Stored items from a collection:

********************

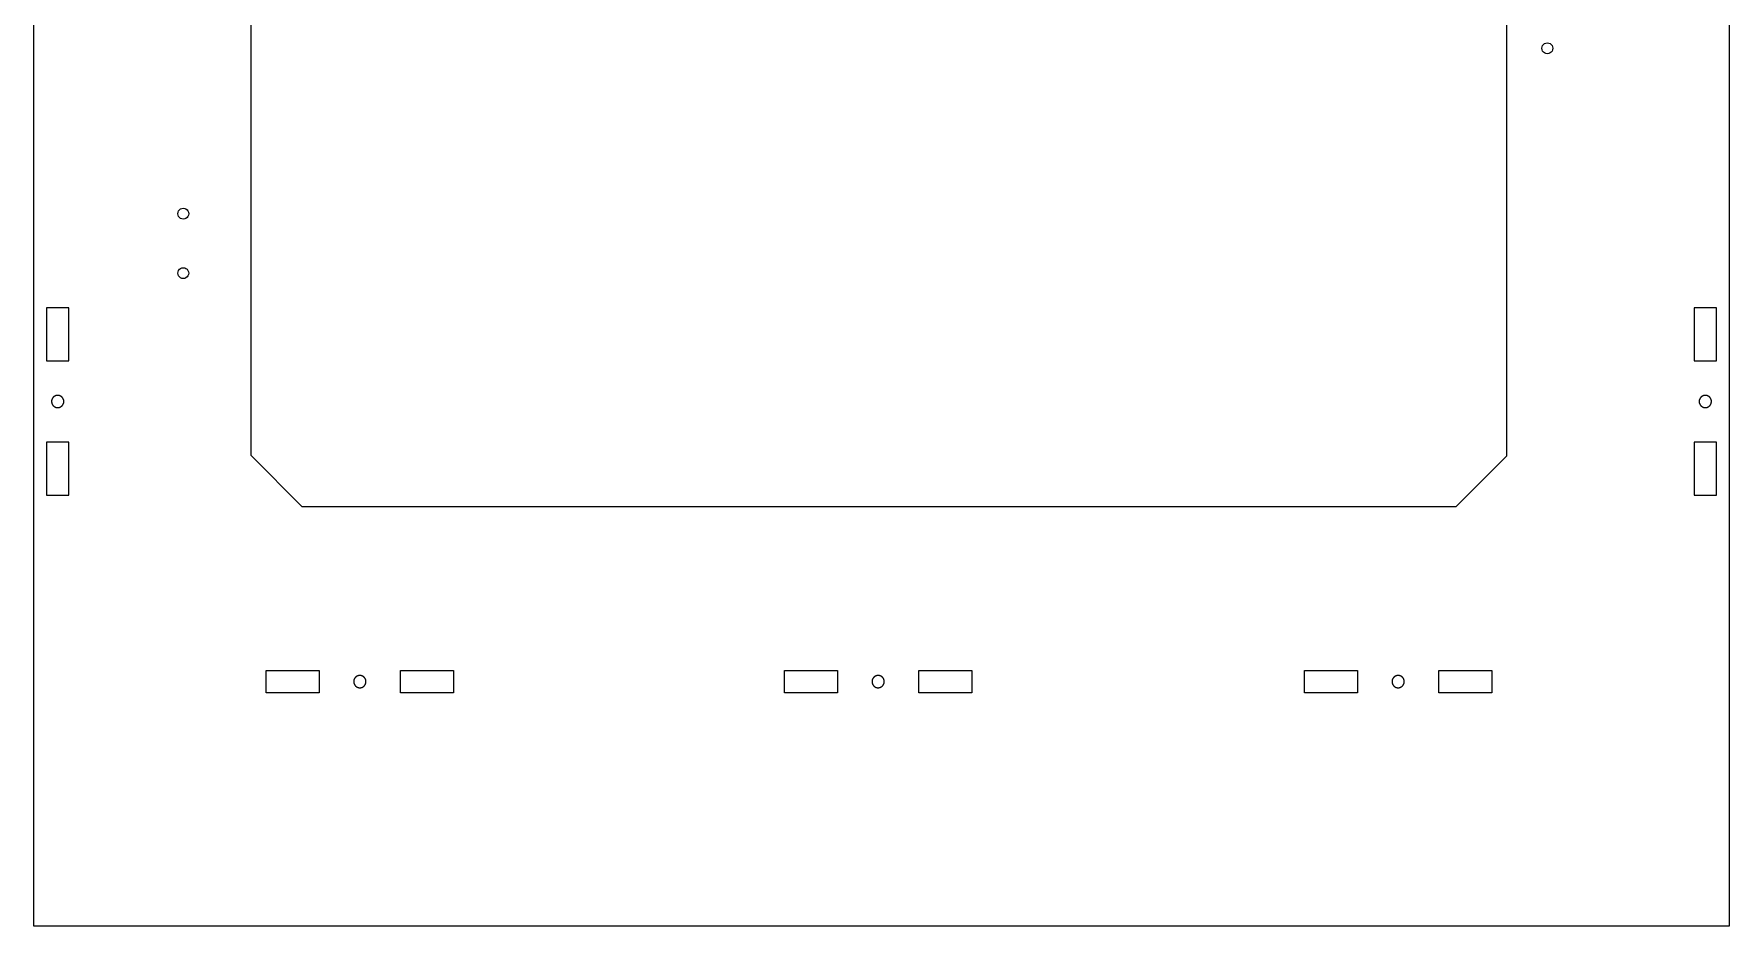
# Model space of a CAD drawing. Header units: millimetres. Extents: x -196 to 302, y -262 to 263.
# Drawn here: x -196.3 to 302.5, y -261.9 to 0.8 of the extents above; entities that cross this region are included whole.
import ezdxf

# ---------------------------------------------------------------- set-up
doc = ezdxf.new("R2010")
doc.units = ezdxf.units.MM

msp = doc.modelspace()

# ---------------------------------------------------------------- linework, layer by layer
for p, q in [((-196.29, -261.93), (-196.29, 263.07)), ((302.49, 263.07), (302.49, -261.93)), ((-132.34, -123.35), (-132.34, 141.06)), ((237.06, -123.42), (237.06, 141.06)), ((247.4, -3.43), (247.46, -3.01)), ((247.46, -3.84), (247.4, -3.43)), ((247.46, -3.01), (247.62, -2.63)), ((247.62, -4.23), (247.46, -3.84)), ((247.62, -2.63), (247.87, -2.3)), ((247.87, -4.56), (247.62, -4.23)), ((247.87, -2.3), (248.2, -2.04)), ((248.2, -4.81), (247.87, -4.56)), ((248.2, -2.04), (248.59, -1.88)), ((248.59, -4.97), (248.2, -4.81)), ((248.59, -1.88), (249, -1.83)), ((249, -5.03), (248.59, -4.97)), ((249, -1.83), (249.42, -1.88)), ((249.42, -4.97), (249, -5.03)), ((249.42, -1.88), (249.8, -2.04)), ((249.8, -4.81), (249.42, -4.97)), ((249.8, -2.04), (250.13, -2.3)), ((250.13, -4.56), (249.8, -4.81)), ((250.13, -2.3), (250.39, -2.63)), ((250.39, -4.23), (250.13, -4.56)), ((250.39, -2.63), (250.55, -3.01)), ((250.55, -3.84), (250.39, -4.23)), ((250.55, -3.01), (250.6, -3.43)), ((250.6, -3.43), (250.55, -3.84)), ((-153.94, -52.13), (-153.88, -51.72)), ((-153.88, -52.54), (-153.94, -52.13)), ((-153.88, -51.72), (-153.72, -51.33)), ((-153.72, -52.93), (-153.88, -52.54)), ((-153.72, -51.33), (-153.47, -51)), ((-153.47, -53.26), (-153.72, -52.93)), ((-153.47, -51), (-153.14, -50.74)), ((-153.14, -53.52), (-153.47, -53.26)), ((-153.14, -50.74), (-152.75, -50.58)), ((-152.75, -53.68), (-153.14, -53.52)), ((-152.75, -50.58), (-152.34, -50.53)), ((-152.34, -53.73), (-152.75, -53.68)), ((-152.34, -50.53), (-151.92, -50.58)), ((-151.92, -53.68), (-152.34, -53.73)), ((-151.92, -50.58), (-151.54, -50.74)), ((-151.54, -53.52), (-151.92, -53.68)), ((-151.54, -50.74), (-151.21, -51)), ((-151.21, -53.26), (-151.54, -53.52)), ((-151.21, -51), (-150.95, -51.33)), ((-150.95, -52.93), (-151.21, -53.26)), ((-150.95, -51.33), (-150.79, -51.72)), ((-150.79, -52.54), (-150.95, -52.93)), ((-150.79, -51.72), (-150.74, -52.13)), ((-150.74, -52.13), (-150.79, -52.54)), ((-153.94, -69.63), (-153.88, -69.22)), ((-153.88, -70.04), (-153.94, -69.63)), ((-153.88, -69.22), (-153.72, -68.83)), ((-153.72, -68.83), (-153.47, -68.5)), ((-153.47, -68.5), (-153.14, -68.24)), ((-153.14, -68.24), (-152.75, -68.08)), ((-152.75, -68.08), (-152.34, -68.03)), ((-152.34, -68.03), (-151.92, -68.08)), ((-151.92, -68.08), (-151.54, -68.24)), ((-151.54, -68.24), (-151.21, -68.5)), ((-151.21, -68.5), (-150.95, -68.83)), ((-150.95, -68.83), (-150.79, -69.22)), ((-150.79, -69.22), (-150.74, -69.63)), ((-150.74, -69.63), (-150.79, -70.04)), ((-153.72, -70.43), (-153.88, -70.04)), ((-153.47, -70.76), (-153.72, -70.43)), ((-153.14, -71.02), (-153.47, -70.76)), ((-152.75, -71.18), (-153.14, -71.02)), ((-152.34, -71.23), (-152.75, -71.18)), ((-151.92, -71.18), (-152.34, -71.23)), ((-151.54, -71.02), (-151.92, -71.18)), ((-151.21, -70.76), (-151.54, -71.02)), ((-150.95, -70.43), (-151.21, -70.76)), ((-150.79, -70.04), (-150.95, -70.43)), ((-192.59, -79.88), (-192.59, -95.48)), ((-185.99, -79.88), (-192.59, -79.88)), ((-185.99, -95.48), (-185.99, -79.88)), ((298.79, -79.88), (292.19, -79.88)), ((292.19, -79.88), (292.19, -95.48)), ((298.79, -95.48), (298.79, -79.88)), ((-192.59, -95.48), (-185.99, -95.48)), ((292.19, -95.48), (298.79, -95.48)), ((-191.08, -107.32), (-191.09, -107.37)), ((-191.09, -107.37), (-191.09, -107.43)), ((-191.09, -107.43), (-191.09, -107.48)), ((-191.09, -107.48), (-191.08, -107.54)), ((-191.07, -107.2), (-191.08, -107.26)), ((-191.08, -107.26), (-191.08, -107.32)), ((-191.08, -107.54), (-191.08, -107.6)), ((-191.08, -107.6), (-191.07, -107.65)), ((-191.06, -107.09), (-191.07, -107.15)), ((-191.07, -107.15), (-191.07, -107.2)), ((-191.07, -107.65), (-191.07, -107.71)), ((-191.07, -107.71), (-191.06, -107.77)), ((-191.04, -107.04), (-191.06, -107.09)), ((-191.06, -107.77), (-191.04, -107.82)), ((-191.03, -106.98), (-191.04, -107.04)), ((-191.04, -107.82), (-191.03, -107.88)), ((-191.02, -106.93), (-191.03, -106.98)), ((-191.03, -107.88), (-191.02, -107.93)), ((-191, -106.87), (-191.02, -106.93)), ((-191.02, -107.93), (-191, -107.98)), ((-190.98, -106.82), (-191, -106.87)), ((-191, -107.98), (-190.98, -108.04)), ((-190.96, -106.77), (-190.98, -106.82)), ((-190.98, -108.04), (-190.96, -108.09)), ((-190.94, -106.71), (-190.96, -106.77)), ((-190.96, -108.09), (-190.94, -108.14)), ((-190.92, -106.66), (-190.94, -106.71)), ((-190.94, -108.14), (-190.92, -108.19)), ((-190.89, -106.61), (-190.92, -106.66)), ((-190.92, -108.19), (-190.89, -108.25)), ((-190.86, -106.56), (-190.89, -106.61)), ((-190.89, -108.25), (-190.86, -108.3)), ((-190.84, -106.51), (-190.86, -106.56)), ((-190.86, -108.3), (-190.84, -108.34)), ((-190.81, -106.46), (-190.84, -106.51)), ((-190.84, -108.34), (-190.81, -108.39)), ((-190.78, -106.42), (-190.81, -106.46)), ((-190.81, -108.39), (-190.78, -108.44)), ((-190.74, -106.37), (-190.78, -106.42)), ((-190.78, -108.44), (-190.74, -108.49)), ((-190.71, -106.32), (-190.74, -106.37)), ((-190.74, -108.49), (-190.71, -108.53)), ((-190.67, -106.28), (-190.71, -106.32)), ((-190.71, -108.53), (-190.67, -108.58)), ((-190.64, -106.24), (-190.67, -106.28)), ((-190.67, -108.58), (-190.64, -108.62)), ((-190.6, -106.2), (-190.64, -106.24)), ((-190.64, -108.62), (-190.6, -108.66)), ((-190.56, -106.16), (-190.6, -106.2)), ((-190.6, -108.66), (-190.56, -108.7)), ((-190.52, -106.12), (-190.56, -106.16)), ((-190.56, -108.7), (-190.52, -108.74)), ((-190.48, -106.08), (-190.52, -106.12)), ((-190.52, -108.74), (-190.48, -108.78)), ((-190.43, -106.04), (-190.48, -106.08)), ((-190.48, -108.78), (-190.43, -108.82)), ((-190.39, -106.01), (-190.43, -106.04)), ((-190.43, -108.82), (-190.39, -108.85)), ((-190.35, -105.97), (-190.39, -106.01)), ((-190.39, -108.85), (-190.35, -108.88)), ((-190.3, -105.94), (-190.35, -105.97)), ((-190.35, -108.88), (-190.3, -108.92)), ((-190.25, -105.91), (-190.3, -105.94)), ((-190.3, -108.92), (-190.25, -108.95)), ((-190.2, -105.88), (-190.25, -105.91)), ((-190.25, -108.95), (-190.2, -108.98)), ((-190.15, -105.85), (-190.2, -105.88)), ((-190.2, -108.98), (-190.15, -109.01)), ((-190.1, -105.82), (-190.15, -105.85)), ((-190.15, -109.01), (-190.1, -109.03)), ((-190.05, -105.8), (-190.1, -105.82)), ((-190.1, -109.03), (-190.05, -109.06)), ((-190, -105.78), (-190.05, -105.8)), ((-190.05, -109.06), (-190, -109.08)), ((-189.95, -105.75), (-190, -105.78)), ((-190, -109.08), (-189.95, -109.1)), ((-189.9, -105.73), (-189.95, -105.75)), ((-189.95, -109.1), (-189.9, -109.12)), ((-189.84, -105.72), (-189.9, -105.73)), ((-189.9, -109.12), (-189.84, -109.14)), ((-189.79, -105.7), (-189.84, -105.72)), ((-189.84, -109.14), (-189.79, -109.16)), ((-189.73, -105.68), (-189.79, -105.7)), ((-189.79, -109.16), (-189.73, -109.17)), ((-189.68, -105.67), (-189.73, -105.68)), ((-189.73, -109.17), (-189.68, -109.18)), ((-189.62, -105.66), (-189.68, -105.67)), ((-189.68, -109.18), (-189.62, -109.2)), ((-189.57, -105.65), (-189.62, -105.66)), ((-189.62, -109.2), (-189.57, -109.21)), ((-189.51, -105.64), (-189.57, -105.65)), ((-189.57, -109.21), (-189.51, -109.21)), ((-189.46, -105.64), (-189.51, -105.64)), ((-189.51, -109.21), (-189.46, -109.22)), ((-189.4, -105.63), (-189.46, -105.64)), ((-189.46, -109.22), (-189.4, -109.22)), ((-189.34, -105.63), (-189.4, -105.63)), ((-189.4, -109.22), (-189.34, -109.23)), ((-189.29, -105.63), (-189.34, -105.63)), ((-189.34, -109.23), (-189.29, -109.23)), ((-189.23, -105.63), (-189.29, -105.63)), ((-189.29, -109.23), (-189.23, -109.23)), ((-189.17, -105.63), (-189.23, -105.63)), ((-189.23, -109.23), (-189.17, -109.22)), ((-189.12, -105.64), (-189.17, -105.63)), ((-189.17, -109.22), (-189.12, -109.22)), ((-189.06, -105.64), (-189.12, -105.64)), ((-189.12, -109.22), (-189.06, -109.21)), ((-189.01, -105.65), (-189.06, -105.64)), ((-189.06, -109.21), (-189.01, -109.21)), ((-188.95, -105.66), (-189.01, -105.65)), ((-189.01, -109.21), (-188.95, -109.2)), ((-188.89, -105.67), (-188.95, -105.66)), ((-188.95, -109.2), (-188.89, -109.18)), ((-188.84, -105.68), (-188.89, -105.67)), ((-188.89, -109.18), (-188.84, -109.17)), ((-188.79, -105.7), (-188.84, -105.68)), ((-188.84, -109.17), (-188.79, -109.16)), ((-188.73, -105.72), (-188.79, -105.7)), ((-188.79, -109.16), (-188.73, -109.14)), ((-188.68, -105.73), (-188.73, -105.72)), ((-188.73, -109.14), (-188.68, -109.12)), ((-188.62, -105.75), (-188.68, -105.73)), ((-188.68, -109.12), (-188.62, -109.1)), ((-188.57, -105.78), (-188.62, -105.75)), ((-188.62, -109.1), (-188.57, -109.08)), ((-188.52, -105.8), (-188.57, -105.78)), ((-188.57, -109.08), (-188.52, -109.06)), ((-188.47, -105.82), (-188.52, -105.8)), ((-188.52, -109.06), (-188.47, -109.03)), ((-188.42, -105.85), (-188.47, -105.82)), ((-188.47, -109.03), (-188.42, -109.01)), ((-188.37, -105.88), (-188.42, -105.85)), ((-188.42, -109.01), (-188.37, -108.98)), ((-188.32, -105.91), (-188.37, -105.88)), ((-188.37, -108.98), (-188.32, -108.95)), ((-188.28, -105.94), (-188.32, -105.91)), ((-188.32, -108.95), (-188.28, -108.92)), ((-188.23, -105.97), (-188.28, -105.94)), ((-188.28, -108.92), (-188.23, -108.88)), ((-188.18, -106.01), (-188.23, -105.97)), ((-188.23, -108.88), (-188.18, -108.85)), ((-188.14, -106.04), (-188.18, -106.01)), ((-188.18, -108.85), (-188.14, -108.82)), ((-188.1, -106.08), (-188.14, -106.04)), ((-188.14, -108.82), (-188.1, -108.78)), ((-188.06, -106.12), (-188.1, -106.08)), ((-188.1, -108.78), (-188.06, -108.74)), ((-188.01, -106.16), (-188.06, -106.12)), ((-188.06, -108.74), (-188.01, -108.7)), ((-187.98, -106.2), (-188.01, -106.16)), ((-188.01, -108.7), (-187.98, -108.66)), ((-187.94, -106.24), (-187.98, -106.2)), ((-187.98, -108.66), (-187.94, -108.62)), ((-187.9, -106.28), (-187.94, -106.24)), ((-187.94, -108.62), (-187.9, -108.58)), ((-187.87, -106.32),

********************

Work required: Retype the entries above exactly. Stop after the line containing "layer by layer", and omit the pictures.

Task solution:
# Model space of a CAD drawing. Header units: millimetres. Extents: x -196 to 302, y -262 to 263.
# Drawn here: x -196.3 to 302.5, y -261.9 to 0.8 of the extents above; entities that cross this region are included whole.
import ezdxf

# ---------------------------------------------------------------- set-up
doc = ezdxf.new("R2010")
doc.units = ezdxf.units.MM

msp = doc.modelspace()

# ---------------------------------------------------------------- linework, layer by layer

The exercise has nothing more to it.